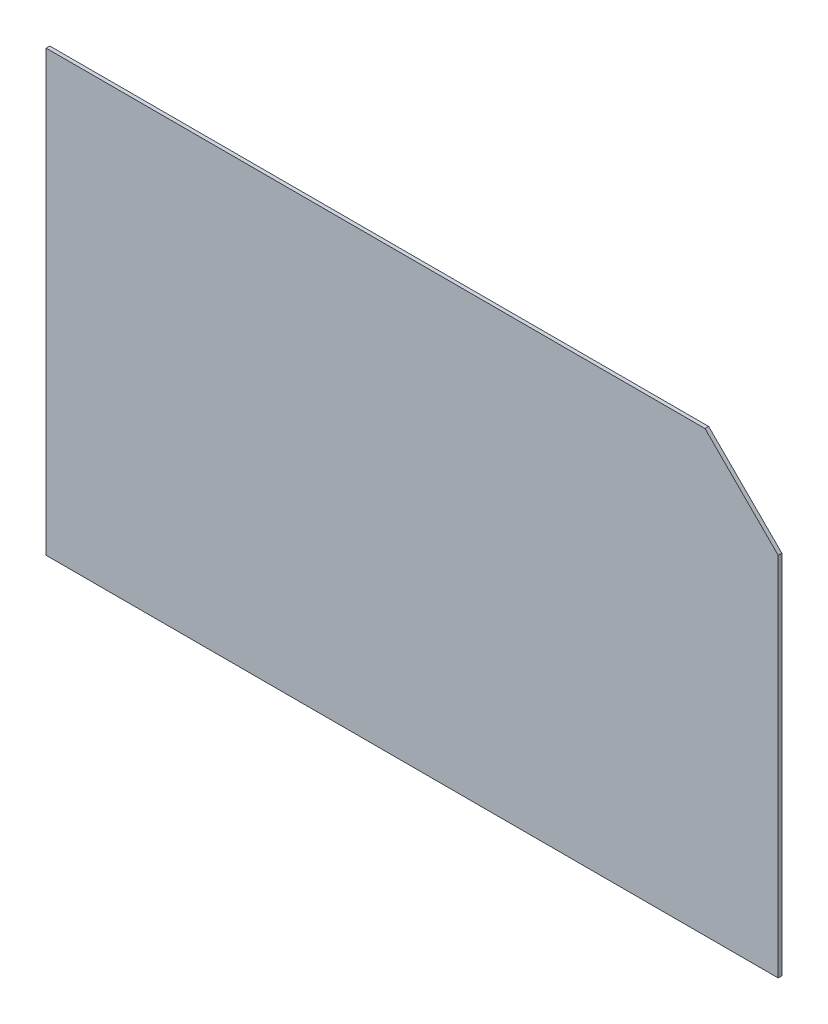
ISO-10303-21;
HEADER;
FILE_DESCRIPTION(('STEP AP214'),'2;1');
FILE_NAME('part.step','',(''),(''),'','','');
FILE_SCHEMA(('AUTOMOTIVE_DESIGN { 1 0 10303 214 1 1 1 1 }'));
ENDSEC;
DATA;
#1=APPLICATION_CONTEXT('core data for automotive mechanical design processes');
#2=APPLICATION_PROTOCOL_DEFINITION('international standard','automotive_design',2000,#1);
#3=PRODUCT_CONTEXT('',#1,'mechanical');
#4=PRODUCT('Part','Part','',(#3));
#5=PRODUCT_RELATED_PRODUCT_CATEGORY('part','',(#4));
#6=PRODUCT_DEFINITION_FORMATION('','',#4);
#7=PRODUCT_DEFINITION_CONTEXT('part definition',#1,'design');
#8=PRODUCT_DEFINITION('design','',#6,#7);
#9=PRODUCT_DEFINITION_SHAPE('','',#8);
#10=(LENGTH_UNIT() NAMED_UNIT(*) SI_UNIT(.MILLI.,.METRE.));
#11=(NAMED_UNIT(*) PLANE_ANGLE_UNIT() SI_UNIT($,.RADIAN.));
#12=(NAMED_UNIT(*) SI_UNIT($,.STERADIAN.) SOLID_ANGLE_UNIT());
#13=UNCERTAINTY_MEASURE_WITH_UNIT(LENGTH_MEASURE(1.E-05),#10,'distance_accuracy_value','');
#14=(GEOMETRIC_REPRESENTATION_CONTEXT(3) GLOBAL_UNCERTAINTY_ASSIGNED_CONTEXT((#13)) GLOBAL_UNIT_ASSIGNED_CONTEXT((#10,
#11,#12)) REPRESENTATION_CONTEXT('',''));
#15=CARTESIAN_POINT('',(0.,0.,0.));
#16=DIRECTION('',(0.,0.,1.));
#17=DIRECTION('',(1.,0.,0.));
#18=AXIS2_PLACEMENT_3D('',#15,#16,#17);
#19=CARTESIAN_POINT('',(-2500.,1500.,-25.));
#20=DIRECTION('',(-1.,0.,0.));
#21=DIRECTION('',(0.,-1.,0.));
#22=AXIS2_PLACEMENT_3D('',#19,#20,#21);
#23=PLANE('',#22);
#24=DIRECTION('',(0.,-1.,0.));
#25=VECTOR('',#24,1.);
#26=CARTESIAN_POINT('',(-2500.,1500.,0.));
#27=LINE('',#26,#25);
#28=CARTESIAN_POINT('',(-2500.,1500.,0.));
#29=VERTEX_POINT('',#28);
#30=CARTESIAN_POINT('',(-2500.,-1500.,0.));
#31=VERTEX_POINT('',#30);
#32=EDGE_CURVE('E119',#29,#31,#27,.T.);
#33=ORIENTED_EDGE('',*,*,#32,.F.);
#34=DIRECTION('',(0.,0.,1.));
#35=VECTOR('',#34,1.);
#36=CARTESIAN_POINT('',(-2500.,1500.,-25.));
#37=LINE('',#36,#35);
#38=CARTESIAN_POINT('',(-2500.,1500.,-25.));
#39=VERTEX_POINT('',#38);
#40=EDGE_CURVE('E11',#39,#29,#37,.T.);
#41=ORIENTED_EDGE('',*,*,#40,.F.);
#42=DIRECTION('',(0.,-1.,0.));
#43=VECTOR('',#42,1.);
#44=CARTESIAN_POINT('',(-2500.,1500.,-25.));
#45=LINE('',#44,#43);
#46=CARTESIAN_POINT('',(-2500.,-1500.,-25.));
#47=VERTEX_POINT('',#46);
#48=EDGE_CURVE('E117',#39,#47,#45,.T.);
#49=ORIENTED_EDGE('',*,*,#48,.T.);
#50=DIRECTION('',(0.,0.,1.));
#51=VECTOR('',#50,1.);
#52=CARTESIAN_POINT('',(-2500.,-1500.,-25.));
#53=LINE('',#52,#51);
#54=EDGE_CURVE('E42',#47,#31,#53,.T.);
#55=ORIENTED_EDGE('',*,*,#54,.T.);
#56=EDGE_LOOP('',(#33,#41,#49,#55));
#57=FACE_BOUND('',#56,.T.);
#58=ADVANCED_FACE('F39',(#57),#23,.T.);
#59=CARTESIAN_POINT('',(-2500.,1500.,-25.));
#60=DIRECTION('',(0.,1.,0.));
#61=DIRECTION('',(0.,0.,1.));
#62=AXIS2_PLACEMENT_3D('',#59,#60,#61);
#63=PLANE('',#62);
#64=DIRECTION('',(0.,0.,1.));
#65=VECTOR('',#64,1.);
#66=CARTESIAN_POINT('',(2000.,1500.,-932.));
#67=LINE('',#66,#65);
#68=CARTESIAN_POINT('',(2000.,1500.,-25.));
#69=VERTEX_POINT('',#68);
#70=CARTESIAN_POINT('',(2000.,1500.,0.));
#71=VERTEX_POINT('',#70);
#72=EDGE_CURVE('E56',#69,#71,#67,.T.);
#73=ORIENTED_EDGE('',*,*,#72,.F.);
#74=DIRECTION('',(-1.,0.,0.));
#75=VECTOR('',#74,1.);
#76=CARTESIAN_POINT('',(-2500.,1500.,-25.));
#77=LINE('',#76,#75);
#78=EDGE_CURVE('E63',#69,#39,#77,.T.);
#79=ORIENTED_EDGE('',*,*,#78,.T.);
#80=ORIENTED_EDGE('',*,*,#40,.T.);
#81=DIRECTION('',(-1.,0.,0.));
#82=VECTOR('',#81,1.);
#83=CARTESIAN_POINT('',(-2500.,1500.,0.));
#84=LINE('',#83,#82);
#85=EDGE_CURVE('E81',#71,#29,#84,.T.);
#86=ORIENTED_EDGE('',*,*,#85,.F.);
#87=EDGE_LOOP('',(#73,#79,#80,#86));
#88=FACE_BOUND('',#87,.T.);
#89=ADVANCED_FACE('F146',(#88),#63,.T.);
#90=CARTESIAN_POINT('',(2500.,1500.,-25.));
#91=DIRECTION('',(1.,0.,0.));
#92=DIRECTION('',(0.,1.,0.));
#93=AXIS2_PLACEMENT_3D('',#90,#91,#92);
#94=PLANE('',#93);
#95=DIRECTION('',(0.,0.,1.));
#96=VECTOR('',#95,1.);
#97=CARTESIAN_POINT('',(2500.,1000.,-932.));
#98=LINE('',#97,#96);
#99=CARTESIAN_POINT('',(2500.,1000.,-25.));
#100=VERTEX_POINT('',#99);
#101=CARTESIAN_POINT('',(2500.,1000.,0.));
#102=VERTEX_POINT('',#101);
#103=EDGE_CURVE('E96',#100,#102,#98,.T.);
#104=ORIENTED_EDGE('',*,*,#103,.T.);
#105=DIRECTION('',(0.,1.,0.));
#106=VECTOR('',#105,1.);
#107=CARTESIAN_POINT('',(2500.,1500.,0.));
#108=LINE('',#107,#106);
#109=CARTESIAN_POINT('',(2500.,-1500.,0.));
#110=VERTEX_POINT('',#109);
#111=EDGE_CURVE('E105',#110,#102,#108,.T.);
#112=ORIENTED_EDGE('',*,*,#111,.F.);
#113=DIRECTION('',(0.,0.,1.));
#114=VECTOR('',#113,1.);
#115=CARTESIAN_POINT('',(2500.,-1500.,-25.));
#116=LINE('',#115,#114);
#117=CARTESIAN_POINT('',(2500.,-1500.,-25.));
#118=VERTEX_POINT('',#117);
#119=EDGE_CURVE('E48',#118,#110,#116,.T.);
#120=ORIENTED_EDGE('',*,*,#119,.F.);
#121=DIRECTION('',(0.,1.,0.));
#122=VECTOR('',#121,1.);
#123=CARTESIAN_POINT('',(2500.,1500.,-25.));
#124=LINE('',#123,#122);
#125=EDGE_CURVE('E108',#118,#100,#124,.T.);
#126=ORIENTED_EDGE('',*,*,#125,.T.);
#127=EDGE_LOOP('',(#104,#112,#120,#126));
#128=FACE_BOUND('',#127,.T.);
#129=ADVANCED_FACE('F104',(#128),#94,.T.);
#130=CARTESIAN_POINT('',(-2500.,-1500.,-25.));
#131=DIRECTION('',(0.,-1.,0.));
#132=DIRECTION('',(0.,0.,-1.));
#133=AXIS2_PLACEMENT_3D('',#130,#131,#132);
#134=PLANE('',#133);
#135=DIRECTION('',(1.,0.,0.));
#136=VECTOR('',#135,1.);
#137=CARTESIAN_POINT('',(-2500.,-1500.,0.));
#138=LINE('',#137,#136);
#139=EDGE_CURVE('E112',#31,#110,#138,.T.);
#140=ORIENTED_EDGE('',*,*,#139,.F.);
#141=ORIENTED_EDGE('',*,*,#54,.F.);
#142=DIRECTION('',(1.,0.,0.));
#143=VECTOR('',#142,1.);
#144=CARTESIAN_POINT('',(-2500.,-1500.,-25.));
#145=LINE('',#144,#143);
#146=EDGE_CURVE('E130',#47,#118,#145,.T.);
#147=ORIENTED_EDGE('',*,*,#146,.T.);
#148=ORIENTED_EDGE('',*,*,#119,.T.);
#149=EDGE_LOOP('',(#140,#141,#147,#148));
#150=FACE_BOUND('',#149,.T.);
#151=ADVANCED_FACE('F143',(#150),#134,.T.);
#152=CARTESIAN_POINT('',(0.,0.,-25.));
#153=DIRECTION('',(0.,0.,1.));
#154=DIRECTION('',(1.,0.,0.));
#155=AXIS2_PLACEMENT_3D('',#152,#153,#154);
#156=PLANE('',#155);
#157=ORIENTED_EDGE('',*,*,#78,.F.);
#158=DIRECTION('',(0.707106781186544,-0.707106781186551,0.));
#159=VECTOR('',#158,1.);
#160=CARTESIAN_POINT('',(1750.00000000001,1750.,-25.));
#161=LINE('',#160,#159);
#162=EDGE_CURVE('E134',#69,#100,#161,.T.);
#163=ORIENTED_EDGE('',*,*,#162,.T.);
#164=ORIENTED_EDGE('',*,*,#125,.F.);
#165=ORIENTED_EDGE('',*,*,#146,.F.);
#166=ORIENTED_EDGE('',*,*,#48,.F.);
#167=EDGE_LOOP('',(#157,#163,#164,#165,#166));
#168=FACE_BOUND('',#167,.T.);
#169=ADVANCED_FACE('F145',(#168),#156,.F.);
#170=CARTESIAN_POINT('',(0.,0.,0.));
#171=DIRECTION('',(0.,0.,1.));
#172=DIRECTION('',(1.,0.,0.));
#173=AXIS2_PLACEMENT_3D('',#170,#171,#172);
#174=PLANE('',#173);
#175=DIRECTION('',(0.707106781186544,-0.707106781186551,0.));
#176=VECTOR('',#175,1.);
#177=CARTESIAN_POINT('',(2000.,1500.,0.));
#178=LINE('',#177,#176);
#179=EDGE_CURVE('E93',#71,#102,#178,.T.);
#180=ORIENTED_EDGE('',*,*,#179,.F.);
#181=ORIENTED_EDGE('',*,*,#85,.T.);
#182=ORIENTED_EDGE('',*,*,#32,.T.);
#183=ORIENTED_EDGE('',*,*,#139,.T.);
#184=ORIENTED_EDGE('',*,*,#111,.T.);
#185=EDGE_LOOP('',(#180,#181,#182,#183,#184));
#186=FACE_BOUND('',#185,.T.);
#187=ADVANCED_FACE('F111',(#186),#174,.T.);
#188=CARTESIAN_POINT('',(2000.,1500.,-932.));
#189=DIRECTION('',(-0.707106781186551,-0.707106781186544,0.));
#190=DIRECTION('',(0.707106781186544,-0.707106781186551,0.));
#191=AXIS2_PLACEMENT_3D('',#188,#189,#190);
#192=PLANE('',#191);
#193=ORIENTED_EDGE('',*,*,#72,.T.);
#194=ORIENTED_EDGE('',*,*,#179,.T.);
#195=ORIENTED_EDGE('',*,*,#103,.F.);
#196=ORIENTED_EDGE('',*,*,#162,.F.);
#197=EDGE_LOOP('',(#193,#194,#195,#196));
#198=FACE_BOUND('',#197,.T.);
#199=ADVANCED_FACE('F95',(#198),#192,.F.);
#200=CLOSED_SHELL('',(#58,#89,#129,#151,#169,#187,#199));
#201=MANIFOLD_SOLID_BREP('B2',#200);
#202=ADVANCED_BREP_SHAPE_REPRESENTATION('',(#18,#201),#14);
#203=SHAPE_DEFINITION_REPRESENTATION(#9,#202);
ENDSEC;
END-ISO-10303-21;

◇ ◇ ◇

## About this task
Beginning with the line holding "#51=VECTOR('',#50,1.);" and ending with the line holding "#57=FACE_BOUND('',#56,.T.);", write out the stretch of material above exactly; add no further lines.

## Task solution
#51=VECTOR('',#50,1.);
#52=CARTESIAN_POINT('',(-2500.,-1500.,-25.));
#53=LINE('',#52,#51);
#54=EDGE_CURVE('E42',#47,#31,#53,.T.);
#55=ORIENTED_EDGE('',*,*,#54,.T.);
#56=EDGE_LOOP('',(#33,#41,#49,#55));
#57=FACE_BOUND('',#56,.T.);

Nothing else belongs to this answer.